__Task description__:
Go through the records below from the first line and print each one exactly, stopping after the line that contains "from_workspace_complex : Subsystem". Do not print pictures or anything past that line.

__Dataset content__:

+ + + + +

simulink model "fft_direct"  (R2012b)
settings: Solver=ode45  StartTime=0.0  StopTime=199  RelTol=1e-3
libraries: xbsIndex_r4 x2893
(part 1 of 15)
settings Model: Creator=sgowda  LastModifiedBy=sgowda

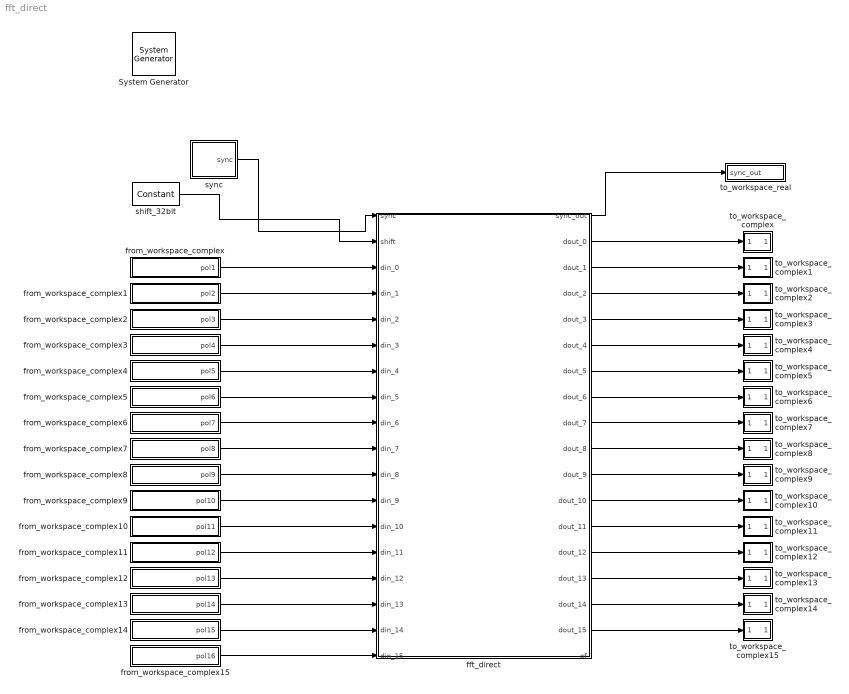
== system fft_direct ==
  " System Generator" : xbsIndex_r4/ System Generator  Tag=genX  xilinxfamily=Kintex7  part=xc7k325t  speed=-3  package=fbg676  synthesis_tool=XST  clock_wrapper=Clock Enables  directory=./netlist  proj_type=Project Navigator  Synth_file=XST Defaults  Impl_file=ISE Defaults  testbench=off  simulink_period=1  sysclk_period=10  dcm_input_clock_period=10  incr_netlist=off  trim_vbits=Everywhere in SubSystem  dbl_ovrd=According to Block Masks  core_generation=According to Block Masks  run_coregen=off  deprecated_control=off  eval_field=0  block_type=sysgen
  fft_direct : Subsystem
  from_workspace_complex : Subsystem  mask{var_name=pol1, n_bits=18, bin_pt=17, quantization=Truncate, overflow=Wrap, arith_type=Signed  (2's comp)}
      mask prompts: var_name "Workspace variable name"; n_bits "# of bits"; bin_pt "Binary Point"; arith_type "Arithmetic type"
      mask init:
      | config.source = str2func('mat_input_data_cplx_init_xblock');
      | config.toplevel = gcb();
      | xBlock(config, {config.toplevel, 'var_name', var_name, ...
      |     'n_bits', n_bits, 'bin_pt', bin_pt, 'quantization', quantization, ...
      |     'overflow', overflow, 'arith_type', arith_type});
      mask TypeOptions quantization: Truncate | Round  (unbiased: +/- Inf) | Round  (unbiased: Even Values)
      mask TypeOptions overflow: Wrap | Saturate | Flag as error
      mask TypeOptions arith_type: Signed  (2's comp) | Boolean | Unsigned
  from_workspace_complex1 : Subsystem  mask{var_name=pol2, n_bits=18, bin_pt=17, quantization=Truncate, overflow=Wrap, arith_type=Signed  (2's comp)}
      mask prompts: var_name "Workspace variable name"; n_bits "# of bits"; bin_pt "Binary Point"; arith_type "Arithmetic type"
      mask init: same as fft_direct/from_workspace_complex
      mask TypeOptions quantization: Truncate | Round  (unbiased: +/- Inf) | Round  (unbiased: Even Values)
      mask TypeOptions overflow: Wrap | Saturate | Flag as error
      mask TypeOptions arith_type: Signed  (2's comp) | Boolean | Unsigned
  from_workspace_complex10 : Subsystem  mask{var_name=pol11, n_bits=18, bin_pt=17, quantization=Truncate, overflow=Wrap, arith_type=Signed  (2's comp)}
      mask prompts: var_name "Workspace variable name"; n_bits "# of bits"; bin_pt "Binary Point"; arith_type "Arithmetic type"
      mask init: same as fft_direct/from_workspace_complex
      mask TypeOptions quantization: Truncate | Round  (unbiased: +/- Inf) | Round  (unbiased: Even Values)
      mask TypeOptions overflow: Wrap | Saturate | Flag as error
      mask TypeOptions arith_type: Signed  (2's comp) | Boolean | Unsigned
  from_workspace_complex11 : Subsystem  mask{var_name=pol12, n_bits=18, bin_pt=17, quantization=Truncate, overflow=Wrap, arith_type=Signed  (2's comp)}
      mask prompts: var_name "Workspace variable name"; n_bits "# of bits"; bin_pt "Binary Point"; arith_type "Arithmetic type"
      mask init: same as fft_direct/from_workspace_complex
      mask TypeOptions quantization: Truncate | Round  (unbiased: +/- Inf) | Round  (unbiased: Even Values)
      mask TypeOptions overflow: Wrap | Saturate | Flag as error
      mask TypeOptions arith_type: Signed  (2's comp) | Boolean | Unsigned
  from_workspace_complex12 : Subsystem  mask{var_name=pol13, n_bits=18, bin_pt=17, quantization=Truncate, overflow=Wrap, arith_type=Signed  (2's comp)}
      mask prompts: var_name "Workspace variable name"; n_bits "# of bits"; bin_pt "Binary Point"; arith_type "Arithmetic type"
      mask init: same as fft_direct/from_workspace_complex
      mask TypeOptions quantization: Truncate | Round  (unbiased: +/- Inf) | Round  (unbiased: Even Values)
      mask TypeOptions overflow: Wrap | Saturate | Flag as error
      mask TypeOptions arith_type: Signed  (2's comp) | Boolean | Unsigned
  from_workspace_complex13 : Subsystem  mask{var_name=pol14, n_bits=18, bin_pt=17, quantization=Truncate, overflow=Wrap, arith_type=Signed  (2's comp)}
      mask prompts: var_name "Workspace variable name"; n_bits "# of bits"; bin_pt "Binary Point"; arith_type "Arithmetic type"
      mask init: same as fft_direct/from_workspace_complex
      mask TypeOptions quantization: Truncate | Round  (unbiased: +/- Inf) | Round  (unbiased: Even Values)
      mask TypeOptions overflow: Wrap | Saturate | Flag as error
      mask TypeOptions arith_type: Signed  (2's comp) | Boolean | Unsigned
  from_workspace_complex14 : Subsystem  mask{var_name=pol15, n_bits=18, bin_pt=17, quantization=Truncate, overflow=Wrap, arith_type=Signed  (2's comp)}
      mask prompts: var_name "Workspace variable name"; n_bits "# of bits"; bin_pt "Binary Point"; arith_type "Arithmetic type"
      mask init: same as fft_direct/from_workspace_complex
      mask TypeOptions quantization: Truncate | Round  (unbiased: +/- Inf) | Round  (unbiased: Even Values)
      mask TypeOptions overflow: Wrap | Saturate | Flag as error
      mask TypeOptions arith_type: Signed  (2's comp) | Boolean | Unsigned
  from_workspace_complex15 : Subsystem  mask{var_name=pol16, n_bits=18, bin_pt=17, quantization=Truncate, overflow=Wrap, arith_type=Signed  (2's comp)}
      mask prompts: var_name "Workspace variable name"; n_bits "# of bits"; bin_pt "Binary Point"; arith_type "Arithmetic type"
      mask init: same as fft_direct/from_workspace_complex
      mask TypeOptions quantization: Truncate | Round  (unbiased: +/- Inf) | Round  (unbiased: Even Values)
      mask TypeOptions overflow: Wrap | Saturate | Flag as error
      mask TypeOptions arith_type: Signed  (2's comp) | Boolean | Unsigned
  from_workspace_complex2 : Subsystem  mask{var_name=pol3, n_bits=18, bin_pt=17, quantization=Truncate, overflow=Wrap, arith_type=Signed  (2's comp)}
      mask prompts: var_name "Workspace variable name"; n_bits "# of bits"; bin_pt "Binary Point"; arith_type "Arithmetic type"
      mask init: same as fft_direct/from_workspace_complex
      mask TypeOptions quantization: Truncate | Round  (unbiased: +/- Inf) | Round  (unbiased: Even Values)
      mask TypeOptions overflow: Wrap | Saturate | Flag as error
      mask TypeOptions arith_type: Signed  (2's comp) | Boolean | Unsigned
  from_workspace_complex3 : Subsystem  mask{var_name=pol4, n_bits=18, bin_pt=17, quantization=Truncate, overflow=Wrap, arith_type=Signed  (2's comp)}
      mask prompts: var_name "Workspace variable name"; n_bits "# of bits"; bin_pt "Binary Point"; arith_type "Arithmetic type"
      mask init: same as fft_direct/from_workspace_complex
      mask TypeOptions quantization: Truncate | Round  (unbiased: +/- Inf) | Round  (unbiased: Even Values)
      mask TypeOptions overflow: Wrap | Saturate | Flag as error
      mask TypeOptions arith_type: Signed  (2's comp) | Boolean | Unsigned
  from_workspace_complex4 : Subsystem  mask{var_name=pol5, n_bits=18, bin_pt=17, quantization=Truncate, overflow=Wrap, arith_type=Signed  (2's comp)}
      mask prompts: var_name "Workspace variable name"; n_bits "# of bits"; bin_pt "Binary Point"; arith_type "Arithmetic type"
      mask init: same as fft_direct/from_workspace_complex
      mask TypeOptions quantization: Truncate | Round  (unbiased: +/- Inf) | Round  (unbiased: Even Values)
      mask TypeOptions overflow: Wrap | Saturate | Flag as error
      mask TypeOptions arith_type: Signed  (2's comp) | Boolean | Unsigned
  from_workspace_complex5 : Subsystem  mask{var_name=pol6, n_bits=18, bin_pt=17, quantization=Truncate, overflow=Wrap, arith_type=Signed  (2's comp)}
      mask prompts: var_name "Workspace variable name"; n_bits "# of bits"; bin_pt "Binary Point"; arith_type "Arithmetic type"
      mask init: same as fft_direct/from_workspace_complex
      mask TypeOptions quantization: Truncate | Round  (unbiased: +/- Inf) | Round  (unbiased: Even Values)
      mask TypeOptions overflow: Wrap | Saturate | Flag as error
      mask TypeOptions arith_type: Signed  (2's comp) | Boolean | Unsigned
  from_workspace_complex6 : Subsystem  mask{var_name=pol7, n_bits=18, bin_pt=17, quantization=Truncate, overflow=Wrap, arith_type=Signed  (2's comp)}
      mask prompts: var_name "Workspace variable name"; n_bits "# of bits"; bin_pt "Binary Point"; arith_type "Arithmetic type"
      mask init: same as fft_direct/from_workspace_complex
      mask TypeOptions quantization: Truncate | Round  (unbiased: +/- Inf) | Round  (unbiased: Even Values)
      mask TypeOptions overflow: Wrap | Saturate | Flag as error
      mask TypeOptions arith_type: Signed  (2's comp) | Boolean | Unsigned
  from_workspace_complex7 : Subsystem  mask{var_name=pol8, n_bits=18, bin_pt=17, quantization=Truncate, overflow=Wrap, arith_type=Signed  (2's comp)}
      mask prompts: var_name "Workspace variable name"; n_bits "# of bits"; bin_pt "Binary Point"; arith_type "Arithmetic type"
      mask init: same as fft_direct/from_workspace_complex
      mask TypeOptions quantization: Truncate | Round  (unbiased: +/- Inf) | Round  (unbiased: Even Values)
      mask TypeOptions overflow: Wrap | Saturate | Flag as error
      mask TypeOptions arith_type: Signed  (2's comp) | Boolean | Unsigned
  from_workspace_complex8 : Subsystem  mask{var_name=pol9, n_bits=18, bin_pt=17, quantization=Truncate, overflow=Wrap, arith_type=Signed  (2's comp)}
      mask prompts: var_name "Workspace variable name"; n_bits "# of bits"; bin_pt "Binary Point"; arith_type "Arithmetic type"
      mask init: same as fft_direct/from_workspace_complex
      mask TypeOptions quantization: Truncate | Round  (unbiased: +/- Inf) | Round  (unbiased: Even Values)
      mask TypeOptions overflow: Wrap | Saturate | Flag as error
      mask TypeOptions arith_type: Signed  (2's comp) | Boolean | Unsigned
  from_workspace_complex9 : Subsystem  mask{var_name=pol10, n_bits=18, bin_pt=17, quantization=Truncate, overflow=Wrap, arith_type=Signed  (2's comp)}
      mask prompts: var_name "Workspace variable name"; n_bits "# of bits"; bin_pt "Binary Point"; arith_type "Arithmetic type"
      mask init: same as fft_direct/from_workspace_complex
      mask TypeOptions quantization: Truncate | Round  (unbiased: +/- Inf) | Round  (unbiased: Even Values)
      mask TypeOptions overflow: Wrap | Saturate | Flag as error
      mask TypeOptions arith_type: Signed  (2's comp) | Boolean | Unsigned
  shift_32bit : xbsIndex_r4/Constant  const=0  gui_display_data_type=Fixed-point  arith_type=Signed (2's comp)  n_bits=32  bin_pt=0  preci_type=Single  exp_width=8  frac_width=24  explicit_period=on  period=1  equ=P=C  opselect=C  inp2=PCIN>>17  opr=+  inp1=P  carry=CIN  dbl_ovrd=off  block_type=constant
  sync : Subsystem
  to_workspace_complex : Subsystem  mask{var_name=out1, n_bits=18, bin_pt=17}
      mask prompts: var_name "Workspace variable name"; n_bits "# of bits"; bin_pt "Binary Point"
      mask init:
      | config.source = str2func('mat_output_data_cplx_init_xblock');
      | config.toplevel = gcb();
      | xBlock(config, {config.toplevel, 'var_name', var_name, ...
      |     'n_bits', n_bits, 'bin_pt', bin_pt});
  to_workspace_complex1 : Subsystem  mask{var_name=out2, n_bits=18, bin_pt=17}
      mask prompts: var_name "Workspace variable name"; n_bits "# of bits"; bin_pt "Binary Point"
      mask init:
      | config.source = str2func('mat_output_data_cplx_init_xblock');
      | config.toplevel = gcb();
      | xBlock(config, {config.toplevel, 'var_name', var_name, ...
      |     'n_bits', n_bits, 'bin_pt', bin_pt});
  to_workspace_complex10 : Subsystem  mask{var_name=out11, n_bits=18, bin_pt=17}
      mask prompts: var_name "Workspace variable name"; n_bits "# of bits"; bin_pt "Binary Point"
      mask init:
      | config.source = str2func('mat_output_data_cplx_init_xblock');
      | config.toplevel = gcb();
      | xBlock(config, {config.toplevel, 'var_name', var_name, ...
      |     'n_bits', n_bits, 'bin_pt', bin_pt});
  to_workspace_complex11 : Subsystem  mask{var_name=out12, n_bits=18, bin_pt=17}
      mask prompts: var_name "Workspace variable name"; n_bits "# of bits"; bin_pt "Binary Point"
      mask init:
      | config.source = str2func('mat_output_data_cplx_init_xblock');
      | config.toplevel = gcb();
      | xBlock(config, {config.toplevel, 'var_name', var_name, ...
      |     'n_bits', n_bits, 'bin_pt', bin_pt});
  to_workspace_complex12 : Subsystem  mask{var_name=out13, n_bits=18, bin_pt=17}
      mask prompts: var_name "Workspace variable name"; n_bits "# of bits"; bin_pt "Binary Point"
      mask init:
      | config.source = str2func('mat_output_data_cplx_init_xblock');
      | config.toplevel = gcb();
      | xBlock(config, {config.toplevel, 'var_name', var_name, ...
      |     'n_bits', n_bits, 'bin_pt', bin_pt});
  to_workspace_complex13 : Subsystem  mask{var_name=out14, n_bits=18, bin_pt=17}
      mask prompts: var_name "Workspace variable name"; n_bits "# of bits"; bin_pt "Binary Point"
      mask init:
      | config.source = str2func('mat_output_data_cplx_init_xblock');
      | config.toplevel = gcb();
      | xBlock(config, {config.toplevel, 'var_name', var_name, ...
      |     'n_bits', n_bits, 'bin_pt', bin_pt});
  to_workspace_complex14 : Subsystem  mask{var_name=out15, n_bits=18, bin_pt=17}
      mask prompts: var_name "Workspace variable name"; n_bits "# of bits"; bin_pt "Binary Point"
      mask init:
      | config.source = str2func('mat_output_data_cplx_init_xblock');
      | config.toplevel = gcb();
      | xBlock(config, {config.toplevel, 'var_name', var_name, ...
      |     'n_bits', n_bits, 'bin_pt', bin_pt});
  to_workspace_complex15 : Subsystem  mask{var_name=out16, n_bits=18, bin_pt=17}
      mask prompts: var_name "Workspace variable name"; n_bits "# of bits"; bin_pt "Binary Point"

+ + + + +

__Answer for the task__:
simulink model "fft_direct"  (R2012b)
settings: Solver=ode45  StartTime=0.0  StopTime=199  RelTol=1e-3
libraries: xbsIndex_r4 x2893
(part 1 of 15)
settings Model: Creator=sgowda  LastModifiedBy=sgowda

== system fft_direct ==
  " System Generator" : xbsIndex_r4/ System Generator  Tag=genX  xilinxfamily=Kintex7  part=xc7k325t  speed=-3  package=fbg676  synthesis_tool=XST  clock_wrapper=Clock Enables  directory=./netlist  proj_type=Project Navigator  Synth_file=XST Defaults  Impl_file=ISE Defaults  testbench=off  simulink_period=1  sysclk_period=10  dcm_input_clock_period=10  incr_netlist=off  trim_vbits=Everywhere in SubSystem  dbl_ovrd=According to Block Masks  core_generation=According to Block Masks  run_coregen=off  deprecated_control=off  eval_field=0  block_type=sysgen
  fft_direct : Subsystem
  from_workspace_complex : Subsystem  mask{var_name=pol1, n_bits=18, bin_pt=17, quantization=Truncate, overflow=Wrap, arith_type=Signed  (2's comp)}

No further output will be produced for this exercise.